[Exercise details]
Among the entries that follow, tally the lines with the string "VECTOR". Give no more than the number.

[Data excerpts]
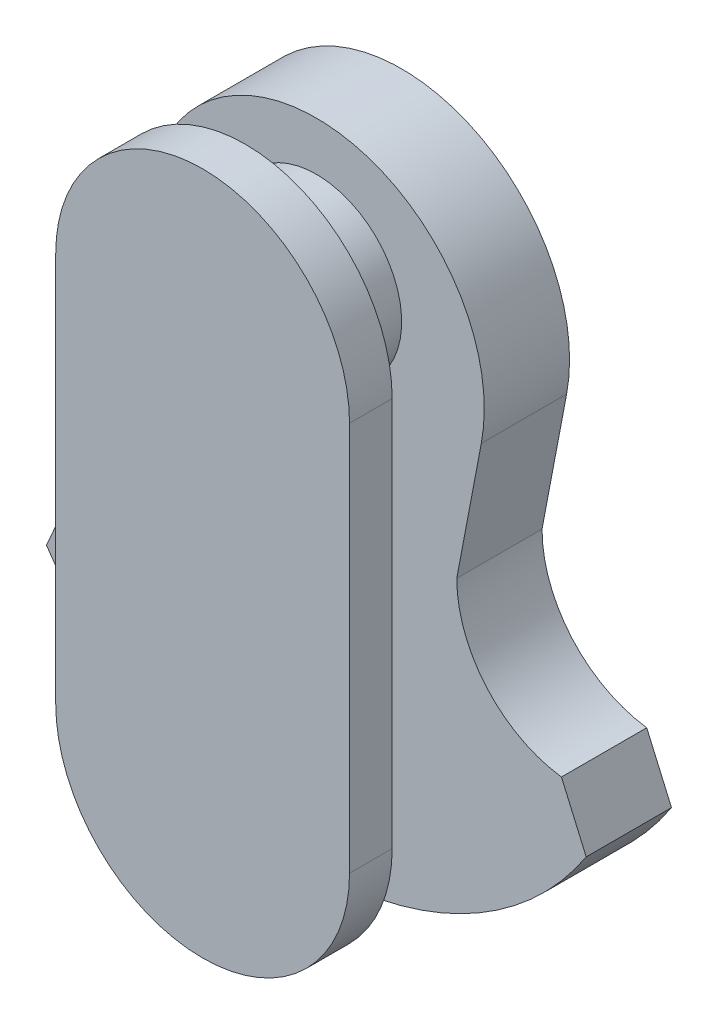
ISO-10303-21;
HEADER;
FILE_DESCRIPTION(('STEP AP214'),'2;1');
FILE_NAME('part.step','',(''),(''),'','','');
FILE_SCHEMA(('AUTOMOTIVE_DESIGN { 1 0 10303 214 1 1 1 1 }'));
ENDSEC;
DATA;
#1=APPLICATION_CONTEXT('core data for automotive mechanical design processes');
#2=APPLICATION_PROTOCOL_DEFINITION('international standard','automotive_design',2000,#1);
#3=PRODUCT_CONTEXT('',#1,'mechanical');
#4=PRODUCT('Part','Part','',(#3));
#5=PRODUCT_RELATED_PRODUCT_CATEGORY('part','',(#4));
#6=PRODUCT_DEFINITION_FORMATION('','',#4);
#7=PRODUCT_DEFINITION_CONTEXT('part definition',#1,'design');
#8=PRODUCT_DEFINITION('design','',#6,#7);
#9=PRODUCT_DEFINITION_SHAPE('','',#8);
#10=(LENGTH_UNIT() NAMED_UNIT(*) SI_UNIT(.MILLI.,.METRE.));
#11=(NAMED_UNIT(*) PLANE_ANGLE_UNIT() SI_UNIT($,.RADIAN.));
#12=(NAMED_UNIT(*) SI_UNIT($,.STERADIAN.) SOLID_ANGLE_UNIT());
#13=UNCERTAINTY_MEASURE_WITH_UNIT(LENGTH_MEASURE(1.E-05),#10,'distance_accuracy_value','');
#14=(GEOMETRIC_REPRESENTATION_CONTEXT(3) GLOBAL_UNCERTAINTY_ASSIGNED_CONTEXT((#13)) GLOBAL_UNIT_ASSIGNED_CONTEXT((#10,
#11,#12)) REPRESENTATION_CONTEXT('',''));
#15=CARTESIAN_POINT('',(0.,0.,0.));
#16=DIRECTION('',(0.,0.,1.));
#17=DIRECTION('',(1.,0.,0.));
#18=AXIS2_PLACEMENT_3D('',#15,#16,#17);
#19=CARTESIAN_POINT('',(570.695429584603,237.392875312342,42.));
#20=DIRECTION('',(0.,0.,-1.));
#21=DIRECTION('',(-1.,0.,0.));
#22=AXIS2_PLACEMENT_3D('',#19,#20,#21);
#23=CYLINDRICAL_SURFACE('',#22,31.);
#24=CARTESIAN_POINT('',(570.695429584603,237.392875312342,33.));
#25=DIRECTION('',(0.,0.,1.));
#26=DIRECTION('',(-1.,0.,0.));
#27=AXIS2_PLACEMENT_3D('',#24,#25,#26);
#28=CIRCLE('',#27,31.);
#29=CARTESIAN_POINT('',(601.695429584603,237.392875312342,33.));
#30=VERTEX_POINT('',#29);
#31=CARTESIAN_POINT('',(539.695429584603,237.392875312342,33.));
#32=VERTEX_POINT('',#31);
#33=EDGE_CURVE('E211',#30,#32,#28,.T.);
#34=ORIENTED_EDGE('',*,*,#33,.T.);
#35=DIRECTION('',(0.,0.,-1.));
#36=VECTOR('',#35,1.);
#37=CARTESIAN_POINT('',(539.695429584603,237.392875312342,42.));
#38=LINE('',#37,#36);
#39=CARTESIAN_POINT('',(539.695429584603,237.392875312342,42.));
#40=VERTEX_POINT('',#39);
#41=EDGE_CURVE('E11',#40,#32,#38,.T.);
#42=ORIENTED_EDGE('',*,*,#41,.F.);
#43=CARTESIAN_POINT('',(570.695429584603,237.392875312342,42.));
#44=DIRECTION('',(0.,0.,1.));
#45=DIRECTION('',(-1.,0.,0.));
#46=AXIS2_PLACEMENT_3D('',#43,#44,#45);
#47=CIRCLE('',#46,31.);
#48=CARTESIAN_POINT('',(601.695429584603,237.392875312342,42.));
#49=VERTEX_POINT('',#48);
#50=EDGE_CURVE('E212',#49,#40,#47,.T.);
#51=ORIENTED_EDGE('',*,*,#50,.F.);
#52=DIRECTION('',(0.,0.,-1.));
#53=VECTOR('',#52,1.);
#54=CARTESIAN_POINT('',(601.695429584603,237.392875312342,42.));
#55=LINE('',#54,#53);
#56=EDGE_CURVE('E218',#49,#30,#55,.T.);
#57=ORIENTED_EDGE('',*,*,#56,.T.);
#58=EDGE_LOOP('',(#34,#42,#51,#57));
#59=FACE_BOUND('',#58,.T.);
#60=ADVANCED_FACE('F37',(#59),#23,.T.);
#61=CARTESIAN_POINT('',(539.695429584603,155.146756510014,42.));
#62=DIRECTION('',(1.,0.,0.));
#63=DIRECTION('',(0.,0.,-1.));
#64=AXIS2_PLACEMENT_3D('',#61,#62,#63);
#65=PLANE('',#64);
#66=DIRECTION('',(0.,-1.,0.));
#67=VECTOR('',#66,1.);
#68=CARTESIAN_POINT('',(539.695429584603,155.146756510014,33.));
#69=LINE('',#68,#67);
#70=CARTESIAN_POINT('',(539.695429584603,155.146756510014,33.));
#71=VERTEX_POINT('',#70);
#72=EDGE_CURVE('E221',#32,#71,#69,.T.);
#73=ORIENTED_EDGE('',*,*,#72,.T.);
#74=DIRECTION('',(0.,0.,-1.));
#75=VECTOR('',#74,1.);
#76=CARTESIAN_POINT('',(539.695429584603,155.146756510014,42.));
#77=LINE('',#76,#75);
#78=CARTESIAN_POINT('',(539.695429584603,155.146756510014,42.));
#79=VERTEX_POINT('',#78);
#80=EDGE_CURVE('E45',#79,#71,#77,.T.);
#81=ORIENTED_EDGE('',*,*,#80,.F.);
#82=DIRECTION('',(0.,-1.,0.));
#83=VECTOR('',#82,1.);
#84=CARTESIAN_POINT('',(539.695429584603,155.146756510014,42.));
#85=LINE('',#84,#83);
#86=EDGE_CURVE('E84',#40,#79,#85,.T.);
#87=ORIENTED_EDGE('',*,*,#86,.F.);
#88=ORIENTED_EDGE('',*,*,#41,.T.);
#89=EDGE_LOOP('',(#73,#81,#87,#88));
#90=FACE_BOUND('',#89,.T.);
#91=ADVANCED_FACE('F244',(#90),#65,.F.);
#92=CARTESIAN_POINT('',(570.695429584603,155.146756510014,42.));
#93=DIRECTION('',(0.,0.,-1.));
#94=DIRECTION('',(-1.,0.,0.));
#95=AXIS2_PLACEMENT_3D('',#92,#93,#94);
#96=CYLINDRICAL_SURFACE('',#95,31.);
#97=CARTESIAN_POINT('',(570.695429584603,155.146756510014,33.));
#98=DIRECTION('',(0.,0.,1.));
#99=DIRECTION('',(1.,0.,0.));
#100=AXIS2_PLACEMENT_3D('',#97,#98,#99);
#101=CIRCLE('',#100,31.);
#102=CARTESIAN_POINT('',(601.695429584603,155.146756510014,33.));
#103=VERTEX_POINT('',#102);
#104=EDGE_CURVE('E71',#71,#103,#101,.T.);
#105=ORIENTED_EDGE('',*,*,#104,.T.);
#106=DIRECTION('',(0.,0.,-1.));
#107=VECTOR('',#106,1.);
#108=CARTESIAN_POINT('',(601.695429584603,155.146756510014,42.));
#109=LINE('',#108,#107);
#110=CARTESIAN_POINT('',(601.695429584603,155.146756510014,42.));
#111=VERTEX_POINT('',#110);
#112=EDGE_CURVE('E226',#111,#103,#109,.T.);
#113=ORIENTED_EDGE('',*,*,#112,.F.);
#114=CARTESIAN_POINT('',(570.695429584603,155.146756510014,42.));
#115=DIRECTION('',(0.,0.,1.));
#116=DIRECTION('',(1.,0.,0.));
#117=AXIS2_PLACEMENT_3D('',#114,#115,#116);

[Response to this task]
6